*WHAT YOU WILL DO*:
Could you print the lines below exactly, from the one holding "#50150 = DIRECTION" through the last line, with no other output?
____________
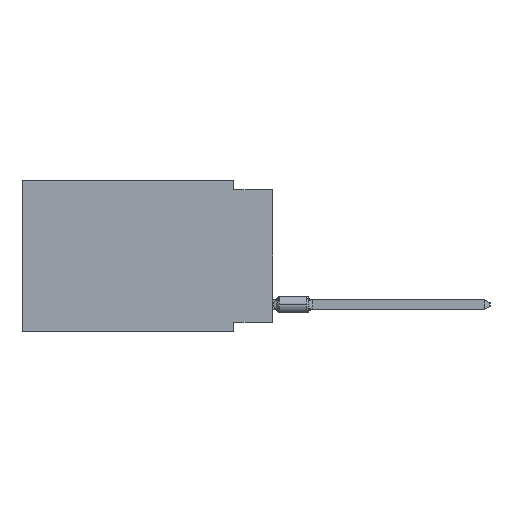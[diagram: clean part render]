
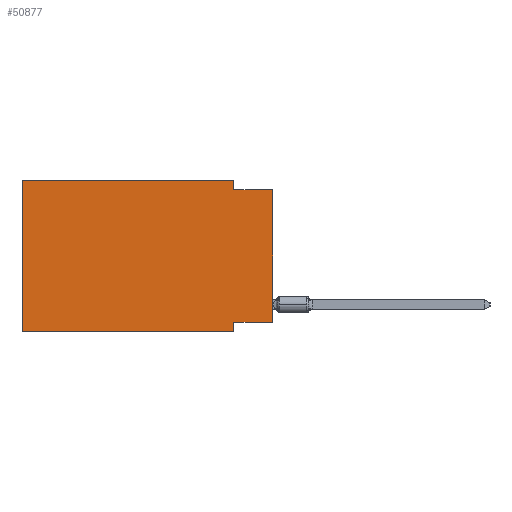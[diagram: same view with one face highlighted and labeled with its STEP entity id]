
A CAD part, left-side view. The second image highlights one B-rep face of the part: STEP entity #50877.
In plain terms, the highlighted planar face has unit normal (-1, 0, 0).
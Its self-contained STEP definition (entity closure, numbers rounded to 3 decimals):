
#395 = VECTOR ( 'NONE', #30978, 1000. ) ;
#1334 = EDGE_CURVE ( 'NONE', #12727, #23594, #23186, .T. ) ;
#1420 = ORIENTED_EDGE ( 'NONE', *, *, #28263, .F. ) ;
#3257 = AXIS2_PLACEMENT_3D ( 'NONE', #38006, #14742, #50150 ) ;
#3774 = CARTESIAN_POINT ( 'NONE',  ( 0., 0., -0.635 ) ) ;
#3904 = CARTESIAN_POINT ( 'NONE',  ( 0., 16.383, 0. ) ) ;
#4430 = LINE ( 'NONE', #32873, #40673 ) ;
#6451 = CARTESIAN_POINT ( 'NONE',  ( 0., 2.54, -9.906 ) ) ;
#7626 = CARTESIAN_POINT ( 'NONE',  ( 0., 2.54, 0. ) ) ;
#8444 = EDGE_CURVE ( 'NONE', #21298, #18749, #26739, .T. ) ;
#8647 = VECTOR ( 'NONE', #49798, 1000. ) ;
#8833 = VECTOR ( 'NONE', #13704, 1000. ) ;
#9097 = ORIENTED_EDGE ( 'NONE', *, *, #28595, .F. ) ;
#9331 = DIRECTION ( 'NONE',  ( 0., -1., 0. ) ) ;
#9947 = VERTEX_POINT ( 'NONE', #45937 ) ;
#10425 = DIRECTION ( 'NONE',  ( 0., 1., 0. ) ) ;
#12727 = VERTEX_POINT ( 'NONE', #30357 ) ;
#13019 = ORIENTED_EDGE ( 'NONE', *, *, #34751, .T. ) ;
#13343 = LINE ( 'NONE', #13865, #8647 ) ;
#13584 = ORIENTED_EDGE ( 'NONE', *, *, #42580, .F. ) ;
#13704 = DIRECTION ( 'NONE',  ( 0., 0., -1. ) ) ;
#13865 = CARTESIAN_POINT ( 'NONE',  ( 0., 2.54, 0. ) ) ;
#13932 = VERTEX_POINT ( 'NONE', #7626 ) ;
#14742 = DIRECTION ( 'NONE',  ( 1., 0., 0. ) ) ;
#15192 = LINE ( 'NONE', #27081, #395 ) ;
#18066 = EDGE_CURVE ( 'NONE', #39783, #23934, #4430, .T. ) ;
#18749 = VERTEX_POINT ( 'NONE', #21046 ) ;
#18799 = DIRECTION ( 'NONE',  ( 0., -1., 0. ) ) ;
#19407 = VECTOR ( 'NONE', #18799, 1000. ) ;
#20308 = ORIENTED_EDGE ( 'NONE', *, *, #8444, .F. ) ;
#21046 = CARTESIAN_POINT ( 'NONE',  ( 0., 2.54, -9.271 ) ) ;
#21298 = VERTEX_POINT ( 'NONE', #49281 ) ;
#22219 = VECTOR ( 'NONE', #49454, 1000. ) ;
#23186 = LINE ( 'NONE', #3774, #19407 ) ;
#23594 = VERTEX_POINT ( 'NONE', #26955 ) ;
#23934 = VERTEX_POINT ( 'NONE', #42421 ) ;
#26130 = LINE ( 'NONE', #6451, #8833 ) ;
#26696 = DIRECTION ( 'NONE',  ( 0., 0., 1. ) ) ;
#26739 = LINE ( 'NONE', #45620, #41851 ) ;
#26955 = CARTESIAN_POINT ( 'NONE',  ( 0., 0., -0.635 ) ) ;
#27081 = CARTESIAN_POINT ( 'NONE',  ( 0., 0., 0. ) ) ;
#27226 = CARTESIAN_POINT ( 'NONE',  ( 0., 16.383, -9.906 ) ) ;
#28263 = EDGE_CURVE ( 'NONE', #39783, #9947, #47352, .T. ) ;
#28595 = EDGE_CURVE ( 'NONE', #18749, #23934, #26130, .T. ) ;
#30357 = CARTESIAN_POINT ( 'NONE',  ( 0., 2.54, -0.635 ) ) ;
#30978 = DIRECTION ( 'NONE',  ( 0., 0., 1. ) ) ;
#32873 = CARTESIAN_POINT ( 'NONE',  ( 0., 16.383, -9.906 ) ) ;
#33032 = ORIENTED_EDGE ( 'NONE', *, *, #40338, .F. ) ;
#34751 = EDGE_CURVE ( 'NONE', #21298, #23594, #15192, .T. ) ;
#37505 = FACE_OUTER_BOUND ( 'NONE', #46854, .T. ) ;
#37958 = ORIENTED_EDGE ( 'NONE', *, *, #1334, .F. ) ;
#38006 = CARTESIAN_POINT ( 'NONE',  ( 0., 16.383, 0. ) ) ;
#39783 = VERTEX_POINT ( 'NONE', #27226 ) ;
#39796 = ORIENTED_EDGE ( 'NONE', *, *, #18066, .T. ) ;
#40338 = EDGE_CURVE ( 'NONE', #13932, #12727, #13343, .T. ) ;
#40673 = VECTOR ( 'NONE', #9331, 1000. ) ;
#41851 = VECTOR ( 'NONE', #10425, 1000. ) ;
#41959 = LINE ( 'NONE', #49194, #22219 ) ;
#42421 = CARTESIAN_POINT ( 'NONE',  ( 0., 2.54, -9.906 ) ) ;
#42580 = EDGE_CURVE ( 'NONE', #9947, #13932, #41959, .T. ) ;
#45198 = VECTOR ( 'NONE', #26696, 1000. ) ;
#45620 = CARTESIAN_POINT ( 'NONE',  ( 0., 0., -9.271 ) ) ;
#45937 = CARTESIAN_POINT ( 'NONE',  ( 0., 16.383, 0. ) ) ;
#46854 = EDGE_LOOP ( 'NONE', ( #13019, #37958, #33032, #13584, #1420, #39796, #9097, #20308 ) ) ;
#47352 = LINE ( 'NONE', #3904, #45198 ) ;
#49194 = CARTESIAN_POINT ( 'NONE',  ( 0., 16.383, 0. ) ) ;
#49281 = CARTESIAN_POINT ( 'NONE',  ( 0., 0., -9.271 ) ) ;
#49390 = PLANE ( 'NONE',  #3257 ) ;
#49454 = DIRECTION ( 'NONE',  ( 0., -1., 0. ) ) ;
#49798 = DIRECTION ( 'NONE',  ( 0., 0., -1. ) ) ;
#50150 = DIRECTION ( 'NONE',  ( 0., 0., -1. ) ) ;
#50877 = ADVANCED_FACE ( 'NONE', ( #37505 ), #49390, .F. ) ;
____________
*ANSWER BELOW*:
#50150 = DIRECTION ( 'NONE',  ( 0., 0., -1. ) ) ;
#50877 = ADVANCED_FACE ( 'NONE', ( #37505 ), #49390, .F. ) ;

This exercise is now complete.